- **HOW TO COMPLETE THIS TASK**
Retype the records below from their first line through the line holding "#10=(LENGTH_UNIT() NAMED_UNIT(*) SI_UNIT(.MILLI.,.METRE.));", including both ends and no pictures.
───── RECORDS FOR THIS EXERCISE
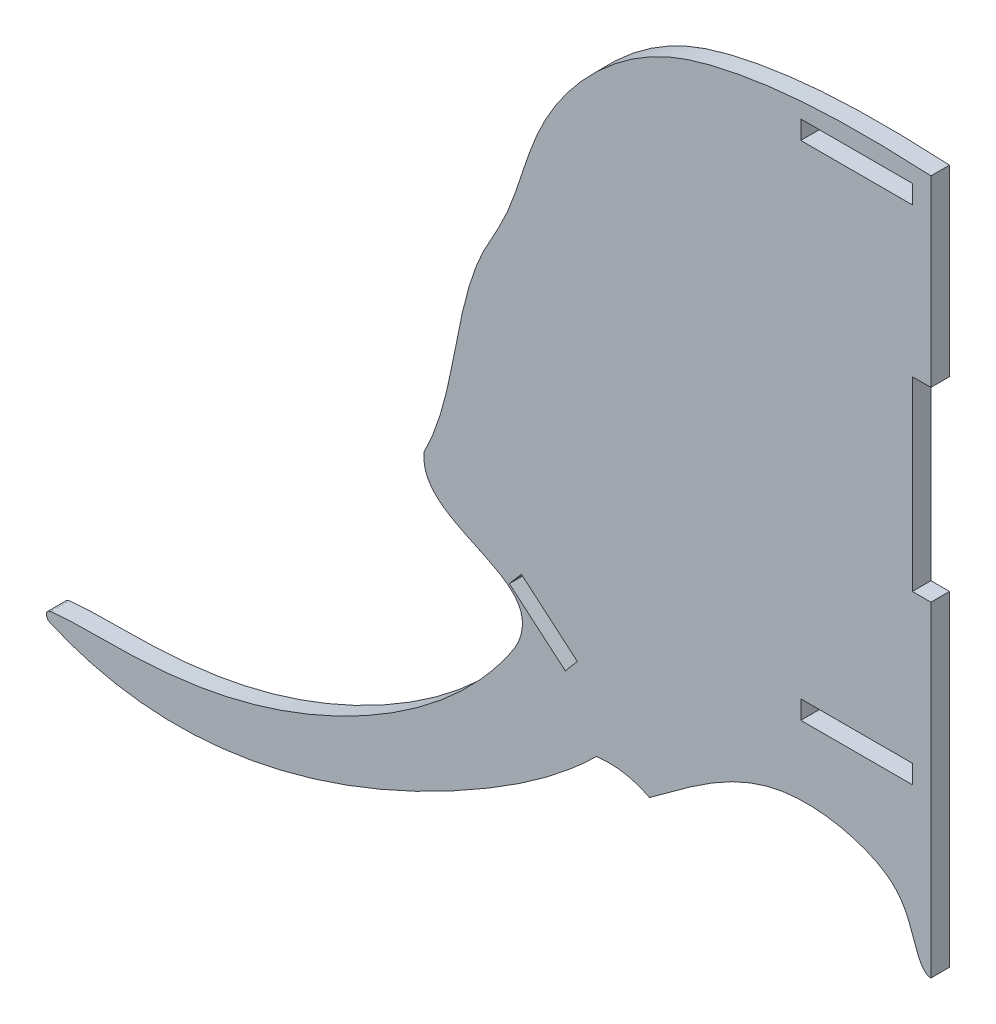
ISO-10303-21;
HEADER;
FILE_DESCRIPTION(('STEP AP214'),'2;1');
FILE_NAME('part.step','',(''),(''),'','','');
FILE_SCHEMA(('AUTOMOTIVE_DESIGN { 1 0 10303 214 1 1 1 1 }'));
ENDSEC;
DATA;
#1=APPLICATION_CONTEXT('core data for automotive mechanical design processes');
#2=APPLICATION_PROTOCOL_DEFINITION('international standard','automotive_design',2000,#1);
#3=PRODUCT_CONTEXT('',#1,'mechanical');
#4=PRODUCT('Part','Part','',(#3));
#5=PRODUCT_RELATED_PRODUCT_CATEGORY('part','',(#4));
#6=PRODUCT_DEFINITION_FORMATION('','',#4);
#7=PRODUCT_DEFINITION_CONTEXT('part definition',#1,'design');
#8=PRODUCT_DEFINITION('design','',#6,#7);
#9=PRODUCT_DEFINITION_SHAPE('','',#8);
#10=(LENGTH_UNIT() NAMED_UNIT(*) SI_UNIT(.MILLI.,.METRE.));
#11=(NAMED_UNIT(*) PLANE_ANGLE_UNIT() SI_UNIT($,.RADIAN.));
#12=(NAMED_UNIT(*) SI_UNIT($,.STERADIAN.) SOLID_ANGLE_UNIT());
#13=UNCERTAINTY_MEASURE_WITH_UNIT(LENGTH_MEASURE(1.E-05),#10,'distance_accuracy_value','');
#14=(GEOMETRIC_REPRESENTATION_CONTEXT(3) GLOBAL_UNCERTAINTY_ASSIGNED_CONTEXT((#13)) GLOBAL_UNIT_ASSIGNED_CONTEXT((#10,
#11,#12)) REPRESENTATION_CONTEXT('',''));
#15=CARTESIAN_POINT('',(0.,0.,0.));
#16=DIRECTION('',(0.,0.,1.));
#17=DIRECTION('',(1.,0.,0.));
#18=AXIS2_PLACEMENT_3D('',#15,#16,#17);
#19=CARTESIAN_POINT('',(94.508573501451,247.967712181637,3.73356069203025));
#20=DIRECTION('',(0.,0.,1.));
#21=DIRECTION('',(1.,0.,0.));
#22=AXIS2_PLACEMENT_3D('',#19,#20,#21);
#23=PLANE('',#22);
#24=DIRECTION('',(1.,0.,0.));
#25=VECTOR('',#24,1.);
#26=CARTESIAN_POINT('',(94.508573501451,311.602433565563,3.73356069203025));
#27=LINE('',#26,#25);
#28=CARTESIAN_POINT('',(185.419370335576,311.602433565563,3.73356069203025));
#29=VERTEX_POINT('',#28);
#30=CARTESIAN_POINT('',(188.594370335576,311.602433565563,3.73356069203025));
#31=VERTEX_POINT('',#30);
#32=EDGE_CURVE('E231',#29,#31,#27,.T.);
#33=ORIENTED_EDGE('',*,*,#32,.F.);
#34=DIRECTION('',(0.,1.,0.));
#35=VECTOR('',#34,1.);
#36=CARTESIAN_POINT('',(185.419370335576,247.967712181637,3.73356069203025));
#37=LINE('',#36,#35);
#38=CARTESIAN_POINT('',(185.419370335576,343.352433565563,3.73356069203025));
#39=VERTEX_POINT('',#38);
#40=EDGE_CURVE('E233',#29,#39,#37,.T.);
#41=ORIENTED_EDGE('',*,*,#40,.T.);
#42=DIRECTION('',(-1.,0.,0.));
#43=VECTOR('',#42,1.);
#44=CARTESIAN_POINT('',(94.508573501451,343.352433565563,3.73356069203025));
#45=LINE('',#44,#43);
#46=CARTESIAN_POINT('',(188.594370335576,343.352433565563,3.73356069203025));
#47=VERTEX_POINT('',#46);
#48=EDGE_CURVE('E228',#47,#39,#45,.T.);
#49=ORIENTED_EDGE('',*,*,#48,.F.);
#50=DIRECTION('',(0.,1.,0.));
#51=VECTOR('',#50,1.);
#52=CARTESIAN_POINT('',(188.594370335576,256.044180784674,3.73356069203025));
#53=LINE('',#52,#51);
#54=CARTESIAN_POINT('',(188.594370335576,374.625359774708,3.73356069203025));
#55=VERTEX_POINT('',#54);
#56=EDGE_CURVE('E325',#47,#55,#53,.T.);
#57=ORIENTED_EDGE('',*,*,#56,.T.);
#58=CARTESIAN_POINT('',(188.594370335576,374.625359774708,3.73356069203025));
#59=CARTESIAN_POINT('',(176.902723498998,375.254038594376,3.73356069203025));
#60=CARTESIAN_POINT('',(161.721869193318,375.20352020384,3.73356069203025));
#61=CARTESIAN_POINT('',(141.653036259614,369.727996039066,3.73356069203025));
#62=CARTESIAN_POINT('',(129.844490344447,361.163013950383,3.73356069203025));
#63=CARTESIAN_POINT('',(120.192543148774,347.193584535558,3.73356069203025));
#64=CARTESIAN_POINT('',(117.468157819055,334.135539263181,3.73356069203025));
#65=CARTESIAN_POINT('',(106.783979956067,317.107780222526,3.73356069203025));
#66=CARTESIAN_POINT('',(107.748821991235,301.358066115973,3.73356069203025));
#67=CARTESIAN_POINT('',(102.099863307551,290.688486019018,3.73356069203025));
#68=B_SPLINE_CURVE_WITH_KNOTS('',3,(#58,#59,#60,#61,#62,#63,#64,#65,#66,#67),.UNSPECIFIED.,.F.,
.F.,(4,1,1,1,1,1,1,4),(0.,0.256177885566044,0.326770854067347,0.450574258980141,
0.564972920578244,0.689615914149957,0.73575471902178,1.),.UNSPECIFIED.);
#69=CARTESIAN_POINT('',(102.099863307551,290.688486019018,3.73356069203025));
#70=VERTEX_POINT('',#69);
#71=EDGE_CURVE('E332',#55,#70,#68,.T.);
#72=ORIENTED_EDGE('',*,*,#71,.T.);
#73=CARTESIAN_POINT('',(102.099863307551,290.688486019018,3.73356069203025));
#74=CARTESIAN_POINT('',(100.916580225008,281.167967764217,3.73356069203025));
#75=CARTESIAN_POINT('',(120.273282846945,281.610546577158,3.73356069203025));
#76=CARTESIAN_POINT('',(118.535983847767,270.809071152293,3.73356069203025));
#77=CARTESIAN_POINT('',(110.43237198474,258.237819372774,3.73356069203025));
#78=CARTESIAN_POINT('',(91.5085668329795,244.241619737673,3.73356069203025));
#79=CARTESIAN_POINT('',(67.0085052705129,236.394505854137,3.73356069203025));
#80=CARTESIAN_POINT('',(50.2391887562681,235.276016557089,3.73356069203025));
#81=CARTESIAN_POINT('',(41.9604942993806,235.532539786131,3.73356069203025));
#82=CARTESIAN_POINT('',(37.1175600327286,234.971365473784,3.73356069203025));
#83=CARTESIAN_POINT('',(37.8679406667928,233.541882506608,3.73356069203025));
#84=B_SPLINE_CURVE_WITH_KNOTS('',3,(#73,#74,#75,#76,#77,#78,#79,#80,#81,#82,#83),.UNSPECIFIED.,
.F.,.F.,(4,1,1,1,1,1,1,1,4),(0.,0.196782075044125,0.221956903579895,0.252894603761857,
0.570283935596533,0.77661171671314,0.895160825028523,0.978618526289838,1.),.UNSPECIFIED.);
#85=CARTESIAN_POINT('',(37.8679406667928,233.541882506608,3.73356069203025));
#86=VERTEX_POINT('',#85);
#87=EDGE_CURVE('E283',#70,#86,#84,.T.);
#88=ORIENTED_EDGE('',*,*,#87,.T.);
#89=CARTESIAN_POINT('',(37.8679406667928,233.541882506608,3.73356069203025));
#90=CARTESIAN_POINT('',(60.9779467391012,223.19058600784,3.73356069203025));
#91=CARTESIAN_POINT('',(98.116578730049,235.45119219111,3.73356069203025));
#92=CARTESIAN_POINT('',(125.24952284959,254.096867227217,3.73356069203025));
#93=CARTESIAN_POINT('',(131.494723697335,260.231386122044,3.73356069203025));
#94=B_SPLINE_CURVE_WITH_KNOTS('',3,(#89,#90,#91,#92,#93),.UNSPECIFIED.,.F.,.F.,(4,1,4),(0.,
0.742486767697281,1.),.UNSPECIFIED.);
#95=CARTESIAN_POINT('',(131.494723697335,260.231386122044,3.73356069203025));
#96=VERTEX_POINT('',#95);
#97=EDGE_CURVE('E289',#86,#96,#94,.T.);
#98=ORIENTED_EDGE('',*,*,#97,.T.);
#99=CARTESIAN_POINT('',(131.494723697335,260.231386122044,3.73356069203025));
#100=CARTESIAN_POINT('',(136.244910578791,260.895631189413,3.73356069203025));
#101=CARTESIAN_POINT('',(140.54397731345,258.699973971625,3.73356069203025));
#102=B_SPLINE_CURVE_WITH_KNOTS('',2,(#99,#100,#101),.UNSPECIFIED.,.F.,.F.,(3,3),(0.,1.),.UNSPECIFIED.);
#103=CARTESIAN_POINT('',(140.54397731345,258.699973971625,3.73356069203025));
#104=VERTEX_POINT('',#103);
#105=EDGE_CURVE('E298',#96,#104,#102,.T.);
#106=ORIENTED_EDGE('',*,*,#105,.T.);
#107=CARTESIAN_POINT('',(140.54397731345,258.699973971625,3.73356069203025));
#108=CARTESIAN_POINT('',(147.482916849391,263.64316592561,3.73356069203025));
#109=CARTESIAN_POINT('',(159.520749813214,274.070026780651,3.73356069203025));
#110=CARTESIAN_POINT('',(180.131162258216,269.516241270706,3.73356069203025));
#111=CARTESIAN_POINT('',(185.103724291734,263.508693907055,3.73356069203025));
#112=CARTESIAN_POINT('',(186.771872354927,256.061026077075,3.73356069203025));
#113=CARTESIAN_POINT('',(188.594370335576,256.044180784674,3.73356069203025));
#114=B_SPLINE_CURVE_WITH_KNOTS('',3,(#107,#108,#109,#110,#111,#112,#113),.UNSPECIFIED.,.F.,.F.,
(4,1,1,1,4),(0.,0.461148567866959,0.724471904206736,0.870774393200556,1.),.UNSPECIFIED.);
#115=CARTESIAN_POINT('',(188.594370335576,256.044180784674,3.73356069203025));
#116=VERTEX_POINT('',#115);
#117=EDGE_CURVE('E320',#104,#116,#114,.T.);
#118=ORIENTED_EDGE('',*,*,#117,.T.);
#119=EDGE_CURVE('E326',#116,#31,#53,.T.);
#120=ORIENTED_EDGE('',*,*,#119,.T.);
#121=EDGE_LOOP('',(#33,#41,#49,#57,#72,#88,#98,#106,#118,#120));
#122=FACE_BOUND('',#121,.T.);
#123=DIRECTION('',(-0.762165840447724,0.647381828332102,0.));
#124=VECTOR('',#123,1.);
#125=CARTESIAN_POINT('',(118.769063521326,276.529707524185,3.73356069203025));
#126=LINE('',#125,#124);
#127=CARTESIAN_POINT('',(126.1776152477,270.236901539735,3.73356069203025));
#128=VERTEX_POINT('',#127);
#129=CARTESIAN_POINT('',(116.61912256808,278.355862189291,3.73356069203025));
#130=VERTEX_POINT('',#129);
#131=EDGE_CURVE('E281',#128,#130,#126,.T.);
#132=ORIENTED_EDGE('',*,*,#131,.T.);
#133=DIRECTION('',(-0.647381828332102,-0.762165840447724,0.));
#134=VECTOR('',#133,1.);
#135=CARTESIAN_POINT('',(134.984727481499,299.977780030622,3.73356069203025));
#136=LINE('',#135,#134);
#137=CARTESIAN_POINT('',(118.674559873035,280.775738732713,3.73356069203025));
#138=VERTEX_POINT('',#137);
#139=EDGE_CURVE('E269',#138,#130,#136,.T.);
#140=ORIENTED_EDGE('',*,*,#139,.F.);
#141=DIRECTION('',(0.762165840447724,-0.647381828332102,0.));
#142=VECTOR('',#141,1.);
#143=CARTESIAN_POINT('',(143.072126770281,260.052504199509,3.73356069203023));
#144=LINE('',#143,#142);
#145=CARTESIAN_POINT('',(128.233052552654,272.656778083156,3.73356069203025));
#146=VERTEX_POINT('',#145);
#147=EDGE_CURVE('E277',#138,#146,#144,.T.);
#148=ORIENTED_EDGE('',*,*,#147,.T.);
#149=DIRECTION('',(-0.647381828332102,-0.762165840447724,0.));
#150=VECTOR('',#149,1.);
#151=CARTESIAN_POINT('',(144.543220161119,291.858819381065,3.73356069203025));
#152=LINE('',#151,#150);
#153=EDGE_CURVE('E260',#146,#128,#152,.T.);
#154=ORIENTED_EDGE('',*,*,#153,.T.);
#155=EDGE_LOOP('',(#132,#140,#148,#154));
#156=FACE_BOUND('',#155,.T.);
#157=DIRECTION('',(0.,1.,0.));
#158=VECTOR('',#157,1.);
#159=CARTESIAN_POINT('',(166.369370335576,368.752433565563,3.73356069167234));
#160=LINE('',#159,#158);
#161=CARTESIAN_POINT('',(166.369370335576,368.752433565563,3.73356069167234));
#162=VERTEX_POINT('',#161);
#163=CARTESIAN_POINT('',(166.369370335576,371.927433565563,3.73356069203025));
#164=VERTEX_POINT('',#163);
#165=EDGE_CURVE('E236',#162,#164,#160,.T.);
#166=ORIENTED_EDGE('',*,*,#165,.T.);
#167=DIRECTION('',(1.,0.,0.));
#168=VECTOR('',#167,1.);
#169=CARTESIAN_POINT('',(-3.32194779276879,371.927433565563,3.73356069167271));
#170=LINE('',#169,#168);
#171=CARTESIAN_POINT('',(185.419370335576,371.927433565563,3.73356069167234));
#172=VERTEX_POINT('',#171);
#173=EDGE_CURVE('E246',#164,#172,#170,.T.);
#174=ORIENTED_EDGE('',*,*,#173,.T.);
#175=DIRECTION('',(0.,1.,0.));
#176=VECTOR('',#175,1.);
#177=CARTESIAN_POINT('',(185.419370335576,368.752433565563,3.73356069167234));
#178=LINE('',#177,#176);
#179=CARTESIAN_POINT('',(185.419370335576,368.752433565563,3.73356069167234));
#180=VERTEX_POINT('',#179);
──────────
- **OUTPUT**
ISO-10303-21;
HEADER;
FILE_DESCRIPTION(('STEP AP214'),'2;1');
FILE_NAME('part.step','',(''),(''),'','','');
FILE_SCHEMA(('AUTOMOTIVE_DESIGN { 1 0 10303 214 1 1 1 1 }'));
ENDSEC;
DATA;
#1=APPLICATION_CONTEXT('core data for automotive mechanical design processes');
#2=APPLICATION_PROTOCOL_DEFINITION('international standard','automotive_design',2000,#1);
#3=PRODUCT_CONTEXT('',#1,'mechanical');
#4=PRODUCT('Part','Part','',(#3));
#5=PRODUCT_RELATED_PRODUCT_CATEGORY('part','',(#4));
#6=PRODUCT_DEFINITION_FORMATION('','',#4);
#7=PRODUCT_DEFINITION_CONTEXT('part definition',#1,'design');
#8=PRODUCT_DEFINITION('design','',#6,#7);
#9=PRODUCT_DEFINITION_SHAPE('','',#8);
#10=(LENGTH_UNIT() NAMED_UNIT(*) SI_UNIT(.MILLI.,.METRE.));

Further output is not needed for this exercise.